Un mea culpa à l’américaine…
La réinvention, voilà ce qui attend encore Will Smith après l’épisode de la gifle. L’acteur la joue à l’américaine: en commençant avec un mea culpa. En novembre 2022, alors que sort «Emancipation», un film produit par la plateforme AppleTV+, son premier projet depuis les Oscars, la promotion se transforme en exercice de contrition. «Je comprends complètement que les gens ne soient pas prêts [à le revoir jouer], je le respecte», explique-t-il en interview sur Fox 5. Cela va même plus loin lorsque son seul film largement diffusé dans les salles de cinéma depuis l’incident, «Bad Boys 4», fait référence à l’incident. Dans une scène largement commentée à la sortie, le personnage incarné par Will Smith se fait gifler par son coéquipier à maintes reprises. Une façon détournée d’exorciser le passé.

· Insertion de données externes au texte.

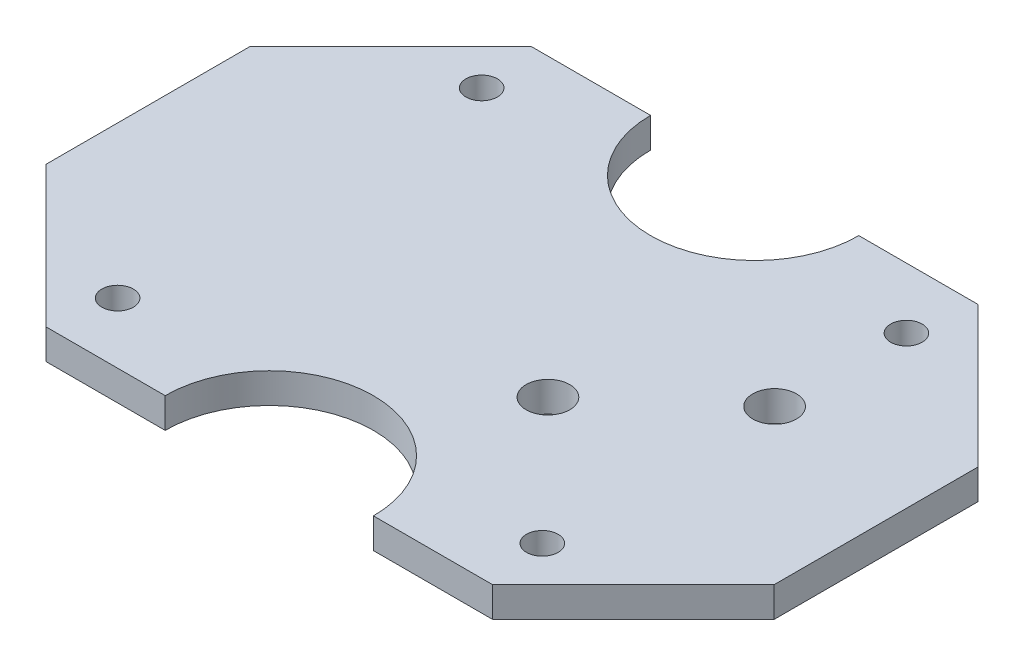
ISO-10303-21;
HEADER;
FILE_DESCRIPTION(('STEP AP214'),'2;1');
FILE_NAME('part.step','',(''),(''),'','','');
FILE_SCHEMA(('AUTOMOTIVE_DESIGN { 1 0 10303 214 1 1 1 1 }'));
ENDSEC;
DATA;
#1=APPLICATION_CONTEXT('core data for automotive mechanical design processes');
#2=APPLICATION_PROTOCOL_DEFINITION('international standard','automotive_design',2000,#1);
#3=PRODUCT_CONTEXT('',#1,'mechanical');
#4=PRODUCT('Part','Part','',(#3));
#5=PRODUCT_RELATED_PRODUCT_CATEGORY('part','',(#4));
#6=PRODUCT_DEFINITION_FORMATION('','',#4);
#7=PRODUCT_DEFINITION_CONTEXT('part definition',#1,'design');
#8=PRODUCT_DEFINITION('design','',#6,#7);
#9=PRODUCT_DEFINITION_SHAPE('','',#8);
#10=(LENGTH_UNIT() NAMED_UNIT(*) SI_UNIT(.MILLI.,.METRE.));
#11=(NAMED_UNIT(*) PLANE_ANGLE_UNIT() SI_UNIT($,.RADIAN.));
#12=(NAMED_UNIT(*) SI_UNIT($,.STERADIAN.) SOLID_ANGLE_UNIT());
#13=UNCERTAINTY_MEASURE_WITH_UNIT(LENGTH_MEASURE(1.E-05),#10,'distance_accuracy_value','');
#14=(GEOMETRIC_REPRESENTATION_CONTEXT(3) GLOBAL_UNCERTAINTY_ASSIGNED_CONTEXT((#13)) GLOBAL_UNIT_ASSIGNED_CONTEXT((#10,
#11,#12)) REPRESENTATION_CONTEXT('',''));
#15=CARTESIAN_POINT('',(0.,0.,0.));
#16=DIRECTION('',(0.,0.,1.));
#17=DIRECTION('',(1.,0.,0.));
#18=AXIS2_PLACEMENT_3D('',#15,#16,#17);
#19=CARTESIAN_POINT('',(0.,3.1496,25.4));
#20=DIRECTION('',(0.,-1.,0.));
#21=DIRECTION('',(0.,0.,-1.));
#22=AXIS2_PLACEMENT_3D('',#19,#20,#21);
#23=PLANE('',#22);
#24=CARTESIAN_POINT('',(9.27099999999997,3.1496,5.5118));
#25=DIRECTION('',(0.,1.,0.));
#26=DIRECTION('',(0.,0.,1.));
#27=AXIS2_PLACEMENT_3D('',#24,#25,#26);
#28=CIRCLE('',#27,2.286);
#29=CARTESIAN_POINT('',(9.27099999999997,3.1496,7.7978));
#30=VERTEX_POINT('',#29);
#31=EDGE_CURVE('E300',#30,#30,#28,.T.);
#32=ORIENTED_EDGE('',*,*,#31,.F.);
#33=EDGE_LOOP('',(#32));
#34=FACE_BOUND('',#33,.T.);
#35=CARTESIAN_POINT('',(22.225,3.1496,19.05));
#36=DIRECTION('',(0.,1.,0.));
#37=DIRECTION('',(0.,0.,1.));
#38=AXIS2_PLACEMENT_3D('',#35,#36,#37);
#39=CIRCLE('',#38,1.651);
#40=CARTESIAN_POINT('',(22.225,3.1496,20.701));
#41=VERTEX_POINT('',#40);
#42=EDGE_CURVE('E312',#41,#41,#39,.T.);
#43=ORIENTED_EDGE('',*,*,#42,.F.);
#44=EDGE_LOOP('',(#43));
#45=FACE_BOUND('',#44,.T.);
#46=CARTESIAN_POINT('',(-22.225,3.1496,-19.05));
#47=DIRECTION('',(0.,1.,0.));
#48=DIRECTION('',(0.,0.,1.));
#49=AXIS2_PLACEMENT_3D('',#46,#47,#48);
#50=CIRCLE('',#49,1.651);
#51=CARTESIAN_POINT('',(-22.225,3.1496,-17.399));
#52=VERTEX_POINT('',#51);
#53=EDGE_CURVE('E158',#52,#52,#50,.T.);
#54=ORIENTED_EDGE('',*,*,#53,.F.);
#55=EDGE_LOOP('',(#54));
#56=FACE_BOUND('',#55,.T.);
#57=DIRECTION('',(-1.,0.,0.));
#58=VECTOR('',#57,1.);
#59=CARTESIAN_POINT('',(10.8996556321968,3.1496,-25.4));
#60=LINE('',#59,#58);
#61=CARTESIAN_POINT('',(23.3680000000001,3.1496,-25.4));
#62=VERTEX_POINT('',#61);
#63=CARTESIAN_POINT('',(10.8996556321968,3.1496,-25.4));
#64=VERTEX_POINT('',#63);
#65=EDGE_CURVE('E177',#62,#64,#60,.T.);
#66=ORIENTED_EDGE('',*,*,#65,.T.);
#67=CARTESIAN_POINT('',(0.,3.1496,-25.4));
#68=DIRECTION('',(0.,-1.,0.));
#69=DIRECTION('',(0.,0.,-1.));
#70=AXIS2_PLACEMENT_3D('',#67,#68,#69);
#71=CIRCLE('',#70,10.8996556321968);
#72=CARTESIAN_POINT('',(-10.8996556321968,3.1496,-25.4));
#73=VERTEX_POINT('',#72);
#74=EDGE_CURVE('E105',#64,#73,#71,.T.);
#75=ORIENTED_EDGE('',*,*,#74,.T.);
#76=DIRECTION('',(-1.,0.,0.));
#77=VECTOR('',#76,1.);
#78=CARTESIAN_POINT('',(-23.3680000000001,3.1496,-25.4));
#79=LINE('',#78,#77);
#80=CARTESIAN_POINT('',(-23.3680000000001,3.1496,-25.4));
#81=VERTEX_POINT('',#80);
#82=EDGE_CURVE('E204',#73,#81,#79,.T.);
#83=ORIENTED_EDGE('',*,*,#82,.T.);
#84=DIRECTION('',(-0.707106781186546,0.,0.707106781186549));
#85=VECTOR('',#84,1.);
#86=CARTESIAN_POINT('',(-23.3680000000001,3.1496,-25.4));
#87=LINE('',#86,#85);
#88=CARTESIAN_POINT('',(-38.1,3.1496,-10.668));
#89=VERTEX_POINT('',#88);
#90=EDGE_CURVE('E223',#81,#89,#87,.T.);
#91=ORIENTED_EDGE('',*,*,#90,.T.);
#92=DIRECTION('',(0.,0.,1.));
#93=VECTOR('',#92,1.);
#94=CARTESIAN_POINT('',(-38.1,3.1496,-10.668));
#95=LINE('',#94,#93);
#96=CARTESIAN_POINT('',(-38.1,3.1496,10.668));
#97=VERTEX_POINT('',#96);
#98=EDGE_CURVE('E220',#89,#97,#95,.T.);
#99=ORIENTED_EDGE('',*,*,#98,.T.);
#100=DIRECTION('',(0.707106781186546,0.,0.707106781186549));
#101=VECTOR('',#100,1.);
#102=CARTESIAN_POINT('',(-23.3680000000001,3.1496,25.4));
#103=LINE('',#102,#101);
#104=CARTESIAN_POINT('',(-23.3680000000001,3.1496,25.4));
#105=VERTEX_POINT('',#104);
#106=EDGE_CURVE('E222',#97,#105,#103,.T.);
#107=ORIENTED_EDGE('',*,*,#106,.T.);
#108=DIRECTION('',(1.,0.,0.));
#109=VECTOR('',#108,1.);
#110=CARTESIAN_POINT('',(-23.3680000000001,3.1496,25.4));
#111=LINE('',#110,#109);
#112=CARTESIAN_POINT('',(-10.8996556321968,3.1496,25.4));
#113=VERTEX_POINT('',#112);
#114=EDGE_CURVE('E225',#105,#113,#111,.T.);
#115=ORIENTED_EDGE('',*,*,#114,.T.);
#116=CARTESIAN_POINT('',(0.,3.1496,25.4));
#117=DIRECTION('',(0.,-1.,0.));
#118=DIRECTION('',(0.,0.,-1.));
#119=AXIS2_PLACEMENT_3D('',#116,#117,#118);
#120=CIRCLE('',#119,10.8996556321968);
#121=CARTESIAN_POINT('',(10.8996556321968,3.1496,25.4));
#122=VERTEX_POINT('',#121);
#123=EDGE_CURVE('E231',#113,#122,#120,.T.);
#124=ORIENTED_EDGE('',*,*,#123,.T.);
#125=DIRECTION('',(1.,0.,0.));
#126=VECTOR('',#125,1.);
#127=CARTESIAN_POINT('',(10.8996556321968,3.1496,25.4));
#128=LINE('',#127,#126);
#129=CARTESIAN_POINT('',(23.3680000000001,3.1496,25.4));
#130=VERTEX_POINT('',#129);
#131=EDGE_CURVE('E136',#122,#130,#128,.T.);
#132=ORIENTED_EDGE('',*,*,#131,.T.);
#133=DIRECTION('',(0.707106781186545,0.,-0.70710678118655));
#134=VECTOR('',#133,1.);
#135=CARTESIAN_POINT('',(23.3680000000001,3.1496,25.4));
#136=LINE('',#135,#134);
#137=CARTESIAN_POINT('',(38.1,3.1496,10.668));
#138=VERTEX_POINT('',#137);
#139=EDGE_CURVE('E130',#130,#138,#136,.T.);
#140=ORIENTED_EDGE('',*,*,#139,.T.);
#141=DIRECTION('',(0.,0.,-1.));
#142=VECTOR('',#141,1.);
#143=CARTESIAN_POINT('',(38.1,3.1496,-10.668));
#144=LINE('',#143,#142);
#145=CARTESIAN_POINT('',(38.1,3.1496,-10.668));
#146=VERTEX_POINT('',#145);
#147=EDGE_CURVE('E134',#138,#146,#144,.T.);
#148=ORIENTED_EDGE('',*,*,#147,.T.);
#149=DIRECTION('',(-0.707106781186545,0.,-0.70710678118655));
#150=VECTOR('',#149,1.);
#151=CARTESIAN_POINT('',(23.3680000000001,3.1496,-25.4));
#152=LINE('',#151,#150);
#153=EDGE_CURVE('E50',#146,#62,#152,.T.);
#154=ORIENTED_EDGE('',*,*,#153,.T.);
#155=EDGE_LOOP('',(#66,#75,#83,#91,#99,#107,#115,#124,#132,#140,#148,#154));
#156=FACE_BOUND('',#155,.T.);
#157=CARTESIAN_POINT('',(22.225,3.1496,-19.05));
#158=DIRECTION('',(0.,1.,0.));
#159=DIRECTION('',(0.,0.,1.));
#160=AXIS2_PLACEMENT_3D('',#157,#158,#159);
#161=CIRCLE('',#160,1.651);
#162=CARTESIAN_POINT('',(22.225,3.1496,-17.399));
#163=VERTEX_POINT('',#162);
#164=EDGE_CURVE('E318',#163,#163,#161,.T.);
#165=ORIENTED_EDGE('',*,*,#164,.F.);
#166=EDGE_LOOP('',(#165));
#167=FACE_BOUND('',#166,.T.);
#168=CARTESIAN_POINT('',(-22.225,3.1496,19.05));
#169=DIRECTION('',(0.,1.,0.));
#170=DIRECTION('',(0.,0.,1.));
#171=AXIS2_PLACEMENT_3D('',#168,#169,#170);
#172=CIRCLE('',#171,1.651);
#173=CARTESIAN_POINT('',(-22.225,3.1496,20.701));
#174=VERTEX_POINT('',#173);
#175=EDGE_CURVE('E306',#174,#174,#172,.T.);
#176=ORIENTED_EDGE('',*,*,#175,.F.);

L’exercice de remise en question va très loin. S’il a toujours été très croyant, Will Smith, élevé au sein de l’église chrétienne baptiste, en appelle de plus en plus à Dieu dans ses récentes interviews. Parallèlement, l’effritement de son image parfaite se poursuit. Notamment lorsque sa femme, Jada Pinkett Smith, révèle en 2023 que le couple n’est pas divorcé mais vit séparément depuis 2016, et qu’elle-même n’a pas compris qu’il aille gifler Chris Rock.
Et malgré ses efforts, le cinéma ne semble plus lui sourire. «Emancipation» a fait un flop. Le sequel de «Je suis une légende», annoncé depuis des années, n’a toujours aucune date de tournage. «Pour la première fois de ma carrière, j’ai dû faire face à un niveau de désapprobation que je n’avais jamais connu. La dépendance à l’approbation des autres dont j’ai dû me défaire a été brutale», racontait-il à BBC Radio 1xtra il y a quelques mois. «Mais d’un coup, toutes ces nouvelles pensées, ces nouvelles énergies, cette nouvelle créativité ont surgi comme un geyser et elles se sont manifestées dans la musique.»
… et un rebond européen
Sorti en mars dernier, «Based on a true story» est son premier album depuis vingt ans. Et force est de constater qu’il n’a pas rencontré le succès espéré. Deux semaines après sa mise à disposition, il était «cruellement introuvable du top top 200 du magazine ‘Billboard’ [qui fait office de baromètre aux États-Unis pour les sorties musicales]» note, tout aussi cruellement d’ailleurs, «Le Journal de Québec». Outre-Atlantique, les critiques sont intraitables: c’est un disque «maladroit» pour «Rolling Stones», «une perte de temps pour tout le monde» selon «Clash».
Le salut viendra-t-il de l’Europe? De fait, il n’y a que là que Will Smith a prévu de se produire pour l’instant, après un saut au Maroc en juin. L’Allemagne, la Suisse et désormais l’Italie, l’Espagne, la France ou encore le Royaume-Uni vont accueillir son show vintage. Et malgré ses discours sur l’amour universel un peu à côté de la plaque, le public est toujours là. Le rappeur espère sûrement que les Américains s’en inspirent pour lui réserver un meilleur accueil.